Ultimately, our own implementation of a type conforming to XMLParserDelegate was at fault. Refactoring the delegate methods, converting an instance of recursive parsing to manual stack parsing, and using an indirect enum for our output tree type, reduced the stack usage of the parser sufficiently for use with the default Wasm build settings. Though, anyone finding this later may want to experiment with varying stack sizes as well:

https://book.swiftwasm.org/getting-started/troubleshooting.html#3-stack-overflow-is-occurring

Hopefully the contributions to wasmtime will be useful to others. If anything specific to the SwiftWasm project can be learned from this, the fact that this issue was not immediately apparent as a stack overflow is telling. It was surprisingly easy to have a non-recursive method overflow the stack, and that manifesting as stack corruption (and even executable code corruption on our case!) instead of a page fault, is a foot-gun.

Wrapping from memory location zero to 0xFFFFFFFF, and causing a page fault, is one solution, if the stack is situated there. I tried using the stack-first option that carton uses to get this functionality, but did not find that the option worked in my case, and it is not the default for the SwiftWasm toolchain, so it would only help a user if they already suspected stack overflow anyway.
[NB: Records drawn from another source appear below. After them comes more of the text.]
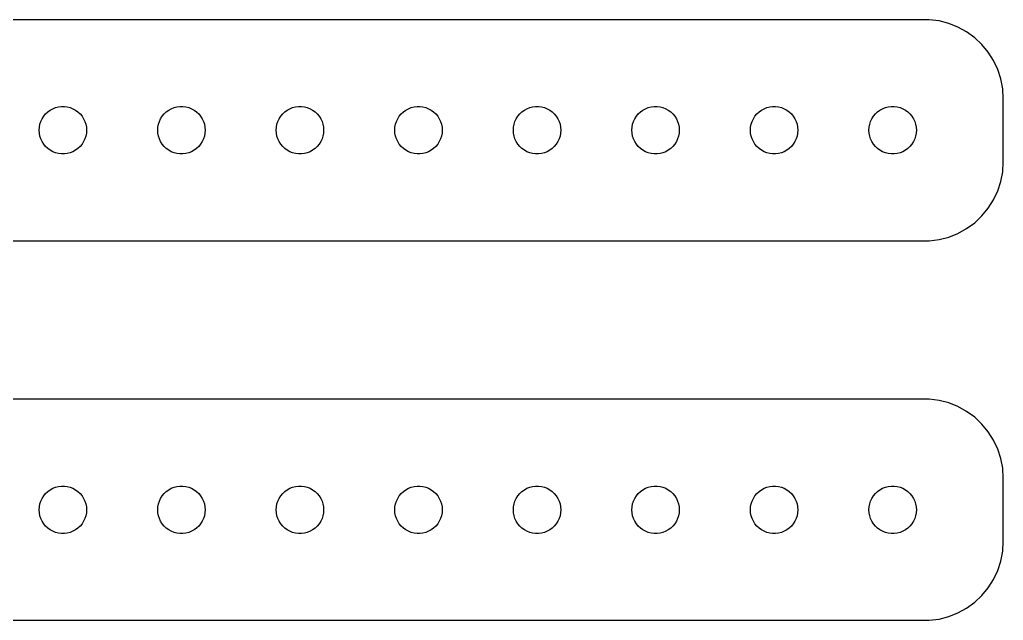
# Model space of a CAD drawing. Header units: metres. Extents: x -247 to 247, y 17 to 55.
# Drawn here: x 184.8 to 247, y 17 to 55 of the extents above; entities that cross this region are included whole.
import ezdxf

# ---------------------------------------------------------------- set-up
doc = ezdxf.new("R2010")
doc.units = ezdxf.units.M

msp = doc.modelspace()

# ---------------------------------------------------------------- linework, layer by layer
for p, q in [((242.314, 54.9901), (-242.314, 54.9901)), ((242.937, 54.9114), (242.314, 54.9901)), ((243.545, 54.7553), (242.937, 54.9114)), ((244.129, 54.5241), (243.545, 54.7553)), ((244.679, 54.2216), (244.129, 54.5241)), ((245.187, 53.8526), (244.679, 54.2216)), ((245.645, 53.4227), (245.187, 53.8526)), ((246.045, 52.9389), (245.645, 53.4227)), ((246.382, 52.4088), (246.045, 52.9389)), ((246.649, 51.8406), (246.382, 52.4088)), ((246.843, 51.2434), (246.649, 51.8406)), ((246.961, 50.6267), (246.843, 51.2434)), ((247, 50), (246.961, 50.6267)), ((247, 46), (247, 50)), ((186.544, 49.1558), (186.696, 49.2665)), ((186.696, 49.2665), (186.861, 49.3572)), ((186.861, 49.3572), (187.036, 49.4266)), ((187.036, 49.4266), (187.219, 49.4734)), ((187.219, 49.4734), (187.406, 49.497)), ((187.406, 49.497), (187.594, 49.497)), ((187.594, 49.497), (187.781, 49.4734)), ((187.781, 49.4734), (187.964, 49.4266)), ((187.964, 49.4266), (188.139, 49.3572)), ((188.139, 49.3572), (188.304, 49.2665)), ((188.304, 49.2665), (188.456, 49.1558)), ((194.044, 49.1558), (194.196, 49.2665)), ((194.196, 49.2665), (194.361, 49.3572)), ((194.361, 49.3572), (194.536, 49.4266)), ((194.536, 49.4266), (194.719, 49.4734)), ((194.719, 49.4734), (194.906, 49.497)), ((194.906, 49.497), (195.094, 49.497)), ((195.094, 49.497), (195.281, 49.4734)), ((195.281, 49.4734), (195.464, 49.4266)), ((195.464, 49.4266), (195.639, 49.3572)), ((195.639, 49.3572), (195.804, 49.2665)), ((195.804, 49.2665), (195.956, 49.1558)), ((201.544, 49.1558), (201.696, 49.2665)), ((201.696, 49.2665), (201.861, 49.3572)), ((201.861, 49.3572), (202.036, 49.4266)), ((202.036, 49.4266), (202.219, 49.4734)), ((202.219, 49.4734), (202.406, 49.497)), ((202.406, 49.497), (202.594, 49.497)), ((202.594, 49.497), (202.781, 49.4734)), ((202.781, 49.4734), (202.964, 49.4266)), ((202.964, 49.4266), (203.139, 49.3572)), ((203.139, 49.3572), (203.304, 49.2665)), ((203.304, 49.2665), (203.456, 49.1558)), ((209.044, 49.1558), (209.196, 49.2665)), ((209.196, 49.2665), (209.361, 49.3572)), ((209.361, 49.3572), (209.536, 49.4266)), ((209.536, 49.4266), (209.719, 49.4734)), ((209.719, 49.4734), (209.906, 49.497)), ((209.906, 49.497), (210.094, 49.497)), ((210.094, 49.497), (210.281, 49.4734)), ((210.281, 49.4734), (210.464, 49.4266)), ((210.464, 49.4266), (210.639, 49.3572)), ((210.639, 49.3572), (210.804, 49.2665)), ((210.804, 49.2665), (210.956, 49.1558)), ((216.544, 49.1558), (216.696, 49.2665)), ((216.696, 49.2665), (216.861, 49.3572)), ((216.861, 49.3572), (217.036, 49.4266)), ((217.036, 49.4266), (217.219, 49.4734)), ((217.219, 49.4734), (217.406, 49.497)), ((217.406, 49.497), (217.594, 49.497)), ((217.594, 49.497), (217.781, 49.4734)), ((217.781, 49.4734), (217.964, 49.4266)), ((217.964, 49.4266), (218.139, 49.3572)), ((218.139, 49.3572), (218.304, 49.2665)), ((218.304, 49.2665), (218.456, 49.1558)), ((224.044, 49.1558), (224.196, 49.2665)), ((224.196, 49.2665), (224.361, 49.3572)), ((224.361, 49.3572), (224.536, 49.4266)), ((224.536, 49.4266), (224.719, 49.4734)), ((224.719, 49.4734), (224.906, 49.497)), ((224.906, 49.497), (225.094, 49.497)), ((225.094, 49.497), (225.281, 49.4734)), ((225.281, 49.4734), (225.464, 49.4266)), ((225.464, 49.4266), (225.639, 49.3572)), ((225.639, 49.3572), (225.804, 49.2665)), ((225.804, 49.2665), (225.956, 49.1558)), ((231.544, 49.1558), (231.696, 49.2665)), ((231.696, 49.2665), (231.861, 49.3572)), ((231.861, 49.3572), (232.036, 49.4266)), ((232.036, 49.4266), (232.219, 49.4734)), ((232.219, 49.4734), (232.406, 49.497)), ((232.406, 49.497), (232.594, 49.497)), ((232.594, 49.497), (232.781, 49.4734)), ((232.781, 49.4734), (232.964, 49.4266)), ((232.964, 49.4266), (233.139, 49.3572)), ((233.139, 49.3572), (233.304, 49.2665)), ((233.304, 49.2665), (233.456, 49.1558)), ((239.044, 49.1558), (239.196, 49.2665)), ((239.196, 49.2665), (239.361, 49.3572)), ((239.361, 49.3572), (239.536, 49.4266)), ((239.536, 49.4266), (239.719, 49.4734)), ((239.719, 49.4734), (239.906, 49.497)), ((239.906, 49.497), (240.094, 49.497)), ((240.094, 49.497), (240.281, 49.4734)), ((240.281, 49.4734), (240.464, 49.4266)), ((240.464, 49.4266), (240.639, 49.3572)), ((240.639, 49.3572), (240.804, 49.2665)), ((240.804, 49.2665), (240.956, 49.1558)), ((186.047, 48.373), (186.105, 48.5522)), ((186.105, 48.5522), (186.186, 48.7226)), ((186.186, 48.7226), (186.286, 48.8817)), ((186.286, 48.8817), (186.407, 49.0268)), ((186.407, 49.0268), (186.544, 49.1558)), ((188.456, 49.1558), (188.593, 49.0268)), ((188.593, 49.0268), (188.714, 48.8817)), ((188.714, 48.8817), (188.814, 48.7226)), ((188.814, 48.7226), (188.895, 48.5522)), ((188.895, 48.5522), (188.953, 48.373)), ((193.547, 48.373), (193.605, 48.5522)), ((193.605, 48.5522), (193.686, 48.7226)), ((193.686, 48.7226), (193.786, 48.8817)), ((193.786, 48.8817), (193.907, 49.0268)), ((193.907, 49.0268), (194.044, 49.1558)), ((195.956, 49.1558), (196.093, 49.0268)), ((196.093, 49.0268), (196.214, 48.8817)), ((196.214, 48.8817), (196.314, 48.7226)), ((196.314, 48.7226), (196.395, 48.5522)), ((196.395, 48.5522), (196.453, 48.373)), ((201.047, 48.373), (201.105, 48.5522)), ((201.105, 48.5522), (201.186, 48.7226)), ((201.186, 48.7226), (201.286, 48.8817)), ((201.286, 48.8817), (201.407, 49.0268)), ((201.407, 49.0268), (201.544, 49.1558)), ((203.456, 49.1558), (203.593, 49.0268)), ((203.593, 49.0268), (203.714, 48.8817)), ((203.714, 48.8817), (203.814, 48.7226)), ((203.814, 48.7226), (203.895, 48.5522)), ((203.895, 48.5522), (203.953, 48.373)), ((208.547, 48.373), (208.605, 48.5522)), ((208.605, 48.5522), (208.686, 48.7226)), ((208.686, 48.7226), (208.786, 48.8817)), ((208.786, 48.8817), (208.907, 49.0268)), ((208.907, 49.0268), (209.044, 49.1558)), ((210.956, 49.1558), (211.093, 49.0268)), ((211.093, 49.0268), (211.214, 48.8817)), ((211.214, 48.8817), (211.314, 48.7226)), ((211.314, 48.7226), (211.395, 48.5522)), ((211.395, 48.5522), (211.453, 48.373)), ((216.047, 48.373), (216.105, 48.5522)), ((216.105, 48.5522), (216.186, 48.7226)), ((216.186, 48.7226), (216.286, 48.8817)), ((216.286, 48.8817), (216.407, 49.0268)), ((216.407, 49.0268), (216.544, 49.1558)), ((218.456, 49.1558), (218.593, 49.0268)), ((218.593, 49.0268), (218.714, 48.8817)), ((218.714, 48.8817), (218.814, 48.7226)), ((218.814, 48.7226), (218.895, 48.5522)), ((218.895, 48.5522), (218.953, 48.373)), ((223.547, 48.373), (223.605, 48.5522)), ((223.605, 48.5522), (223.686, 48.7226)), ((223.686, 48.7226), (223.786, 48.8817)), ((223.786, 48.8817), (223.907, 49.0268)), ((223.907, 49.0268), (224.044, 49.1558)), ((225.956, 49.1558), (226.093, 49.0268)), ((226.093, 49.0268), (226.214, 48.8817)), ((226.214, 48.8817), (226.314, 48.7226)), ((226.314, 48.7226), (226.395, 48.5522)), ((226.395, 48.5522), (226.453, 48.373)), ((231.047, 48.373), (231.105, 48.5522)), ((231.105, 48.5522), (231.186, 48.7226)), ((231.186, 48.7226), (231.286, 48.8817)), ((231.286, 48.8817), (231.407, 49.0268)), ((231.407, 49.0268), (231.544, 49.1558)), ((233.456, 49.1558), (233.593, 49.0268)), ((233.593, 49.0268), (233.714, 48.8817)), ((233.714, 48.8817), (233.814, 48.7226)), ((233.814, 48.7226), (233.895, 48.5522)), ((233.895, 48.5522), (233.953, 48.373)), ((238.547, 48.373), (238.605, 48.5522)), ((238.605, 48.5522), (238.686, 48.7226)), ((238.686, 48.7226), (238.786, 48.8817)), ((238.786, 48.8817), (238.907, 49.0268)), ((238.907, 49.0268), (239.044, 49.1558)), ((240.956, 49.1558), (241.093, 49.0268)), ((241.093, 49.0268), (241.214, 48.8817)), ((241.214, 48.8817), (241.314, 48.7226)), ((241.314, 48.7226), (241.395, 48.5522)), ((241.395, 48.5522), (241.453, 48.373)), ((186, 48), (186.012, 48.188)), ((186.012, 47.812), (186, 48)), ((186.012, 48.188), (186.047, 48.373)), ((188.953, 48.373), (188.988, 48.188)), ((188.988, 48.188), (189, 48)), ((189, 48), (188.988, 47.812)), ((193.5, 48), (193.512, 48.188)), ((193.512, 47.812), (193.5, 48)), ((193.512, 48.188), (193.547, 48.373)), ((196.453, 48.373), (196.488, 48.188)), ((196.488, 48.188), (196.5, 48)), ((196.5, 48), (196.488, 47.812)), ((201, 48), (201.012, 48.188)), ((201.012, 47.812), (201, 48)), ((201.012, 48.188), (201.047, 48.373)), ((203.953, 48.373), (203.988, 48.188)), ((203.988, 48.188), (204, 48)), ((204, 48), (203.988, 47.812)), ((208.5, 48), (208.512, 48.188)), ((208.512, 47.812), (208.5, 48)), ((208.512, 48.188), (208.547, 48.373)), ((211.453, 48.373), (211.488, 48.188)), ((211.488, 48.188), (211.5, 48)), ((211.5, 48), (211.488, 47.812)), ((216, 48), (216.012, 48.188)), ((216.012, 47.812), (216, 48)), ((216.012, 48.188), (216.047, 48.373)), ((218.953, 48.373), (218.988, 48.188)), ((218.988, 48.188), (219, 48)), ((219, 48), (218.988, 47.812)), ((223.5, 48), (223.512, 48.188)), ((223.512, 47.812), (223.5, 48)), ((223.512, 48.188), (223.547, 48.373)), ((226.453, 48.373), (226.488, 48.188)), ((226.488, 48.188), (226.5, 48)), ((226.5, 48), (226.488, 47.812)), ((231, 48), (231.012, 48.188)), ((231.012, 47.812), (231, 48)), ((231.012, 48.188), (231.047, 48.373)), ((233.953, 48.373), (233.988, 48.188)), ((233.988, 48.188), (234, 48)), ((234, 48), (233.988, 47.812)), ((238.5, 48), (238.512, 48.188)), ((238.512, 47.812), (238.5, 48)), ((238.512, 48.188), (238.547, 48.373)), ((241.453, 48.373), (241.488, 48.188)), ((241.488, 48.188), (241.5, 48)), ((241.5, 48), (241.488, 47.812)), ((186.047, 47.627), (186.012, 47.812)), ((186.105, 47.4478), (186.047, 47.627)), ((186.186, 47.2774), (186.105, 47.4478)), ((188.895, 47.4478), (188.814, 47.2774)), ((188.953, 47.627), (188.895, 47.4478)), ((188.988, 47.812), (188.953, 47.627)), ((193.547, 47.627), (193.512, 47.812)), ((193.605, 47.4478), (193.547, 47.627)), ((193.686, 47.2774), (193.605, 47.4478)), ((196.395, 47.4478), (196.314, 47.2774)), ((196.453, 47.627), (196.395, 47.4478)), ((196.488, 47.812), (196.453, 47.627)), ((201.047, 47.627), (201.012, 47.812)), ((201.105, 47.4478), (201.047, 47.627)), ((201.186, 47.2774), (201.105, 47.4478)), ((203.895, 47.4478), (203.814, 47.2774)), ((203.953, 47.627), (203.895, 47.4478)), ((203.988, 47.812), (203.953, 47.627)), ((208.547, 47.627), (208.512, 47.812)), ((208.605, 47.4478), (208.547, 47.627)), ((208.686, 47.2774), (208.605, 47.4478)), ((211.395, 47.4478), (211.314, 47.2774)), ((211.453, 47.627), (211.395, 47.4478)), ((211.488, 47.812), (211.453, 47.627)), ((216.047, 47.627), (216.012, 47.812)), ((216.105, 47.4478), (216.047, 47.627)), ((216.186, 47.2774), (216.105, 47.4478)), ((218.895, 47.4478), (218.814, 47.2774)), ((218.953, 47.627), (218.895, 47.4478)), ((218.988, 47.812), (218.953, 47.627)), ((223.547, 47.627), (223.512, 47.812)), ((223.605, 47.4478), (223.547, 47.627)), ((223.686, 47.2774), (223.605, 47.4478)), ((226.395, 47.4478), (226.314, 47.2774)), ((226.453, 47.627), (226.395, 47.4478)), ((226.488, 47.812), (226.453, 47.627)), ((231.047, 47.627), (231.012, 47.812)), ((231.105, 47.4478), (231.047, 47.627)), ((231.186, 47.2774), (231.105, 47.4478)), ((233.895, 47.4478), (233.814, 47.2774)), ((233.953, 47.627), (233.895, 47.4478)), ((233.988, 47.812), (233.953, 47.627)), ((238.547, 47.627), (238.512, 47.812)), ((238.605, 47.4478), (238.547, 47.627)), ((238.686, 47.2774), (238.605, 47.4478)), ((241.395, 47.4478), (241.314, 47.2774)), ((241.453, 47.627), (241.395, 47.4478)), ((241.488, 47.812), (241.453, 47.627)), ((186.286, 47.1183), (186.186, 47.2774)), ((186.407, 46.9732), (186.286, 47.1183)), ((186.544, 46.8442), (186.407, 46.9732)), ((186.696, 46.7335), (186.544, 46.8442)), ((186.861, 46.6428), (186.696, 46.7335)), ((188.304, 46.7335), (188.139, 46.6428)), ((188.456, 46.8442), (188.304, 46.7335)), ((188.593, 46.9732), (188.456, 46.8442)), ((188.714, 47.1183), (188.593, 46.9732)), ((188.814, 47.2774), (188.714, 47.1183)), ((193.786, 47.1183), (193.686, 47.2774)), ((193.907, 46.9732), (193.786, 47.1183)), ((194.044, 46.8442), (193.907, 46.9732)), ((194.196, 46.7335), (194.044, 46.8442)), ((194.361, 46.6428), (194.196, 46.7335)), ((195.804, 46.7335), (195.639, 46.6428)), ((195.956, 46.8442), (195.804, 46.7335)), ((196.093, 46.9732), (195.956, 46.8442)), ((196.214, 47.1183), (196.093, 46.9732)), ((196.314, 47.2774), (196.214, 47.1183)), ((201.286, 47.1183), (201.186, 47.2774)), ((201.407, 46.9732), (201.286, 47.1183)), ((201.544, 46.8442), (201.407, 46.9732)), ((201.696, 46.7335), (201.544, 46.8442)), ((201.861, 46.6428), (201.696, 46.7335)), ((203.304, 46.7335), (203.139, 46.6428)), ((203.456, 46.8442), (203.304, 46.7335)), ((203.593, 46.9732), (203.456, 46.8442)), ((203.714, 47.1183), (203.593, 46.9732)), ((203.814, 47.2774), (203.714, 47.1183)), ((208.786, 47.1183), (208.686, 47.2774)), ((208.907, 46.9732), (208.786, 47.1183)), ((209.044, 46.8442), (208.907, 46.9732)), ((209.196, 46.7335), (209.044, 46.8442)), ((209.361, 46.6428), (209.196, 46.7335)), ((210.804, 46.7335), (210.639, 46.6428)), ((210.956, 46.8442), (210.804, 46.7335)), ((211.093, 46.9732), (210.956, 46.8442)), ((211.214, 47.1183), (211.093, 46.9732)), ((211.314, 47.2774), (211.214, 47.1183)), ((216.286, 47.1183), (216.186, 47.2774)), ((216.407, 46.9732), (216.286, 47.1183)), ((216.544, 46.8442), (216.407, 46.9732)), ((216.696, 46.7335), (216.544, 46.8442)), ((216.861, 46.6428), (216.696, 46.7335)), ((218.304, 46.7335), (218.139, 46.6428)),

The carton library is a great getting-started tool, but ultimately the magic of Wasm is that it can be executed in many different environments, so more tooling to support debugging those execution environments when using Swift instead of Rust is key to maturing the toolchain. Maybe those tools exist, and I just didn't find them. If anyone has Wasm/Wasi tooling for debugging production Swift code that is compiled to Wasm, please do tell!

6 Likes

Thank you for writing this up! That's a really interesting story.
Also wmemcheck improvements are definitely helpful for me, thanks for your upstreaming work!

Agree. Given that other language drivers pass -stack-first by default, it might be considerable to do it in swift-driver too.